DHT is reported to be 5-10 times more potent than testosterone. Reducing a mere 10 percent of DHT (10% DHT as measured when the entire pool of androgens is regarded as 100%) reduces the overall androgen power by more than half while leaving testosterone concentration more or less the same (somewhat on the higher normal level). Testosterone differs from DHT not only in affinity to receptors but in other ways (much is not yet known in this field) which are critical to developmental and growth cycles. Reduction of testosterone may cause too many problems, including pre-mature aging and increased catabolic-anabolic ratio throughout the bio-sysytem. Testosterone reduction in men can be compared to menopause in women, but in men it happens more gradually.

Some additional comments:

1. Hormonal treatment in tissue culture is very far removed from real tissue in comparison to other tissue culture models because in tissue culture there is no room for cyclical (rythmical) behavior of hormones, which means they are in constant concentration. In real tissue they are often pulsating.

2. Cells were not confluent when treated and that furthur removes them from normal intact skin.

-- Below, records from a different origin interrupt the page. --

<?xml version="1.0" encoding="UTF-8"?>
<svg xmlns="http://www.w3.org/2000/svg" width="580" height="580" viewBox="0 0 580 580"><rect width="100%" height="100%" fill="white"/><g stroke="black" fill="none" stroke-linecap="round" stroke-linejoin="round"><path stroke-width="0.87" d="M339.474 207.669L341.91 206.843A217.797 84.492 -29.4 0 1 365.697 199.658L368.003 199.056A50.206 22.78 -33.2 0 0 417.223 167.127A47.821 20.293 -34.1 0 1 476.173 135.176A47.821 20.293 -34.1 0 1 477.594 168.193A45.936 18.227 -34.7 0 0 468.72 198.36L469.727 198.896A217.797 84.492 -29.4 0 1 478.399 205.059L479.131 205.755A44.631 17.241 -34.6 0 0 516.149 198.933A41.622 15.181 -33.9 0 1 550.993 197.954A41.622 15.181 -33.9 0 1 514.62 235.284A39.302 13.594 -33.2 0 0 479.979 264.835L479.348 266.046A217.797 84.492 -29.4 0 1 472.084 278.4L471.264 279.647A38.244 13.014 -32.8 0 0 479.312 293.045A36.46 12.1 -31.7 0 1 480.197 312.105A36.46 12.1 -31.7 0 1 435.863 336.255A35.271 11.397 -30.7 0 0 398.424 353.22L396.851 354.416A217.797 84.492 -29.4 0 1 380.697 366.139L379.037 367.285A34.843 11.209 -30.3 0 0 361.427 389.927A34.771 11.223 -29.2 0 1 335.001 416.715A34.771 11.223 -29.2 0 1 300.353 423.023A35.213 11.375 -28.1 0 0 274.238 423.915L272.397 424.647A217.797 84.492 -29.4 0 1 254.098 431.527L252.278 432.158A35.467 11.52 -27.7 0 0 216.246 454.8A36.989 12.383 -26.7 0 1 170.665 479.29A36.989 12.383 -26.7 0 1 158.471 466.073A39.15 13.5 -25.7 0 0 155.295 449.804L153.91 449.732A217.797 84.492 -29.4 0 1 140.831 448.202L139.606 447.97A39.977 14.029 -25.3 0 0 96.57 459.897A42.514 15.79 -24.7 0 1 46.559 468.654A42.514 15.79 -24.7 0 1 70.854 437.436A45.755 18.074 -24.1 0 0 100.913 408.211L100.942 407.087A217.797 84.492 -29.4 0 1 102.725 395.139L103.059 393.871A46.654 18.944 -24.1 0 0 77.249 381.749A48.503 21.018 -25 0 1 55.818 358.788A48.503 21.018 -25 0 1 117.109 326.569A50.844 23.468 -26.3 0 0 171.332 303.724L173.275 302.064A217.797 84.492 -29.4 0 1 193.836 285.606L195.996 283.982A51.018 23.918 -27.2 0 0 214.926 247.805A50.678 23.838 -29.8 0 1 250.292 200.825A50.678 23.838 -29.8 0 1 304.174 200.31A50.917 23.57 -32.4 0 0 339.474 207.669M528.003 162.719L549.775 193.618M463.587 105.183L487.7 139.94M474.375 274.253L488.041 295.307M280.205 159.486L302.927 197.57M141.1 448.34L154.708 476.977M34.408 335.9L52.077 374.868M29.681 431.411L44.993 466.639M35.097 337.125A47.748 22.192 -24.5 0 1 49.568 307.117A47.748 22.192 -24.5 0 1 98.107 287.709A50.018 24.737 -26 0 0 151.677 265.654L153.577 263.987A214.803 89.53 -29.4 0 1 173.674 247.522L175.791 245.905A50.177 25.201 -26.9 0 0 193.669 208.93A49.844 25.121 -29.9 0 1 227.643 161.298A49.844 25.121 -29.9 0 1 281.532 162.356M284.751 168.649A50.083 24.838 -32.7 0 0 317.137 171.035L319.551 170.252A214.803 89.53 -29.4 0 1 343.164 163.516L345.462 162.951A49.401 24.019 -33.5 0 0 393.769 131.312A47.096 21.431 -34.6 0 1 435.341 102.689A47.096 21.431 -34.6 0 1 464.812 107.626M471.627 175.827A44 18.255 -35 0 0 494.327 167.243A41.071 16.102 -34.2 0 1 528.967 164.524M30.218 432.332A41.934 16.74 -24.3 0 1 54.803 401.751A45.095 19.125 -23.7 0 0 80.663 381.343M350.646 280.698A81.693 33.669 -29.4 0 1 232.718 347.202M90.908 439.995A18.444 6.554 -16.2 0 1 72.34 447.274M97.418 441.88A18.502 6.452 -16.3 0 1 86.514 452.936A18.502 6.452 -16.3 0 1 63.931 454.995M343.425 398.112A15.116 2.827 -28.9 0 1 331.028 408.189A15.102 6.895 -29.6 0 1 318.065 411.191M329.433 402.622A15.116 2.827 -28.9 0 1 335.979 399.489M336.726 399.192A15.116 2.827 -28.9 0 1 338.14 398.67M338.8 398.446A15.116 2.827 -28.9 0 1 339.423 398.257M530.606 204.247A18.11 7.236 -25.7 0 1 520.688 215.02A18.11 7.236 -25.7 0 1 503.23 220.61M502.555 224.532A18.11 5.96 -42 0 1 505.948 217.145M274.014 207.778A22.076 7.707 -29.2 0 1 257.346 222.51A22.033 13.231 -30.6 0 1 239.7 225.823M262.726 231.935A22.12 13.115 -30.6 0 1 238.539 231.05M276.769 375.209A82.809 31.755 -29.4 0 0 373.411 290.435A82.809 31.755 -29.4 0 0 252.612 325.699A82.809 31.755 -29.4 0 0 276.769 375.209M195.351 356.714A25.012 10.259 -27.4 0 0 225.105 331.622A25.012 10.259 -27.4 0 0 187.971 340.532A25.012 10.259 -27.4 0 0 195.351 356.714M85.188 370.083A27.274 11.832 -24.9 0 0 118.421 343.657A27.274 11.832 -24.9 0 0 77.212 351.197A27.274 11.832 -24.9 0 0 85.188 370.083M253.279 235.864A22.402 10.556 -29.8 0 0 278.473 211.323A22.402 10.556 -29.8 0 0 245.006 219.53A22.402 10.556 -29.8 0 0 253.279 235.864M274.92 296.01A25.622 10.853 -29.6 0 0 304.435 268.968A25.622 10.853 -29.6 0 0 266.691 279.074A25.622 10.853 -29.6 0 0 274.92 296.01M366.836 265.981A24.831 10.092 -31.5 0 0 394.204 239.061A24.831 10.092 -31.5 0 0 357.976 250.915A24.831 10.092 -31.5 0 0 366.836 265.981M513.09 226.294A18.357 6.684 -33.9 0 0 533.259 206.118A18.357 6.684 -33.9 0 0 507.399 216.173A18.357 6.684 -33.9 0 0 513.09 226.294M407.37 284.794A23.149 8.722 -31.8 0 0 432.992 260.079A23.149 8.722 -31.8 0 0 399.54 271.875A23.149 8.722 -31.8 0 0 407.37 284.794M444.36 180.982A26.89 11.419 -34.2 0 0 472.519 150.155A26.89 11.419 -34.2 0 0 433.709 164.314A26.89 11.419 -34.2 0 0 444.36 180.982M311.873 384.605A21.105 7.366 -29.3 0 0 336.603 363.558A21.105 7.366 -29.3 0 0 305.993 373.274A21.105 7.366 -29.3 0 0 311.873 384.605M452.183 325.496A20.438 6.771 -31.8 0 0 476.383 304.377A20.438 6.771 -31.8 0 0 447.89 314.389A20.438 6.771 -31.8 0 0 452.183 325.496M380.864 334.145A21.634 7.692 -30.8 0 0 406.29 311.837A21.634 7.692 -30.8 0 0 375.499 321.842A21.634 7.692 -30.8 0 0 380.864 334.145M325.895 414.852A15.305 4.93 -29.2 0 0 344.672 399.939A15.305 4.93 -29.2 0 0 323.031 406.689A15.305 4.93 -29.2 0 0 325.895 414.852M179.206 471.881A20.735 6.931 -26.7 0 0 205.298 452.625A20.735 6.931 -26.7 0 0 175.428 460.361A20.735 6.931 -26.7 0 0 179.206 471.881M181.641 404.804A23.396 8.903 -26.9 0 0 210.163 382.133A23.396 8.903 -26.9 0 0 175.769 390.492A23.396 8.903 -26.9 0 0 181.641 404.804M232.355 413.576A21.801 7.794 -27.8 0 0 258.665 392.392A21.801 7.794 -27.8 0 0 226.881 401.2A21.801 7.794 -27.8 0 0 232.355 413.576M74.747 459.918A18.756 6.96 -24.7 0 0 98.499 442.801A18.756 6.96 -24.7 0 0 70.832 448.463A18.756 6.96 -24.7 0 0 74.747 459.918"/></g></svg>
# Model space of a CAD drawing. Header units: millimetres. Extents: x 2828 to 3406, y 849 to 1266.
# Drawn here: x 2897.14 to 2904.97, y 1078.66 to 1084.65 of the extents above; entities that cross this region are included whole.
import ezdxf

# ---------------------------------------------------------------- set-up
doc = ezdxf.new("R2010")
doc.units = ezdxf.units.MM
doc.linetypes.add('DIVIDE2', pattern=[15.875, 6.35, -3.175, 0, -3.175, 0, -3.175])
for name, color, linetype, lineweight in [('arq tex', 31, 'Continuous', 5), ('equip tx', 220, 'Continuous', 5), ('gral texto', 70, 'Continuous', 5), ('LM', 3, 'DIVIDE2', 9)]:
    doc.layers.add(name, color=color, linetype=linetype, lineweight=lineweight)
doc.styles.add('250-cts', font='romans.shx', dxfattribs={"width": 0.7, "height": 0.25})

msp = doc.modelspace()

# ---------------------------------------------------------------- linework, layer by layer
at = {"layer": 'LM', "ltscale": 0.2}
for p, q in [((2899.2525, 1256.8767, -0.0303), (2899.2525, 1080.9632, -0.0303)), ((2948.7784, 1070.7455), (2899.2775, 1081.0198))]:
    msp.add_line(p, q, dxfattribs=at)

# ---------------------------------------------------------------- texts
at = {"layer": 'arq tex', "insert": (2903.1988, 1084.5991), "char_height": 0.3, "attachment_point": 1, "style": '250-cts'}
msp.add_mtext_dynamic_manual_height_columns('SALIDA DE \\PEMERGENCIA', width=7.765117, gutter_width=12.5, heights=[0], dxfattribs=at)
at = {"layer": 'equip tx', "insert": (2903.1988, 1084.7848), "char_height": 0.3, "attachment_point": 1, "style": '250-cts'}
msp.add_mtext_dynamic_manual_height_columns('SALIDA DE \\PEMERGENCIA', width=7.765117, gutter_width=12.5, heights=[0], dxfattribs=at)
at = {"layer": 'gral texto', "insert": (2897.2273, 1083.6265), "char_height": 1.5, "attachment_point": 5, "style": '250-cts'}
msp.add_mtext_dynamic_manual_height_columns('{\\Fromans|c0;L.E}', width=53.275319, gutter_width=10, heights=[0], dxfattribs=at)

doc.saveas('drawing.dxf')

3. Treatments were given with 0.1% DMSO which increases penetration in a significant way which is very different from the ordinary physiological processes. Controls with DMSO also showed much higher than normal cell death rate, even without the hormones.

Statements by the author in the discussion chapter:

1. “Non-physiological concentrations of 5-alpha-DHT or T (10 –5 M ) induced significant apoptosis in occipital-scalp-derived DPC from healthy patients.”
(My comment: 10micromolar concentration of DHT or testosterone is so much higher than normal concentrations that the effects have not much value to our discussion. It is like forcing someone to drink a bathtub full of water in a few minutes, a quantity that would certainly kill him, and then concluding that drinking water is dangerous).

2. “Proliferation of cultured DPC was inhibited by T only at these high, non-physiological concentrations, as well as by 5-alpha-DHT.”
(My comment: He is saying it again).

3. “Androgens are believed to act on growth and signaling mechanisms in the hair follicle via the mesenchyme-derived DPC, by secreting soluble mitogenic factors and/or extracellular matrix components, subsequently influencing DP activity and follicular keratinocytes.”
(My comment: So, you really want them to stay, don’t you?).

Basically, the article actually says that in physiological concentrations neither DHT nor testosterone have a significant effect on the parameters stated in the abstract.

[bcapop]

Thanks for the explanation. I don't have access to the full articles, but I see your point.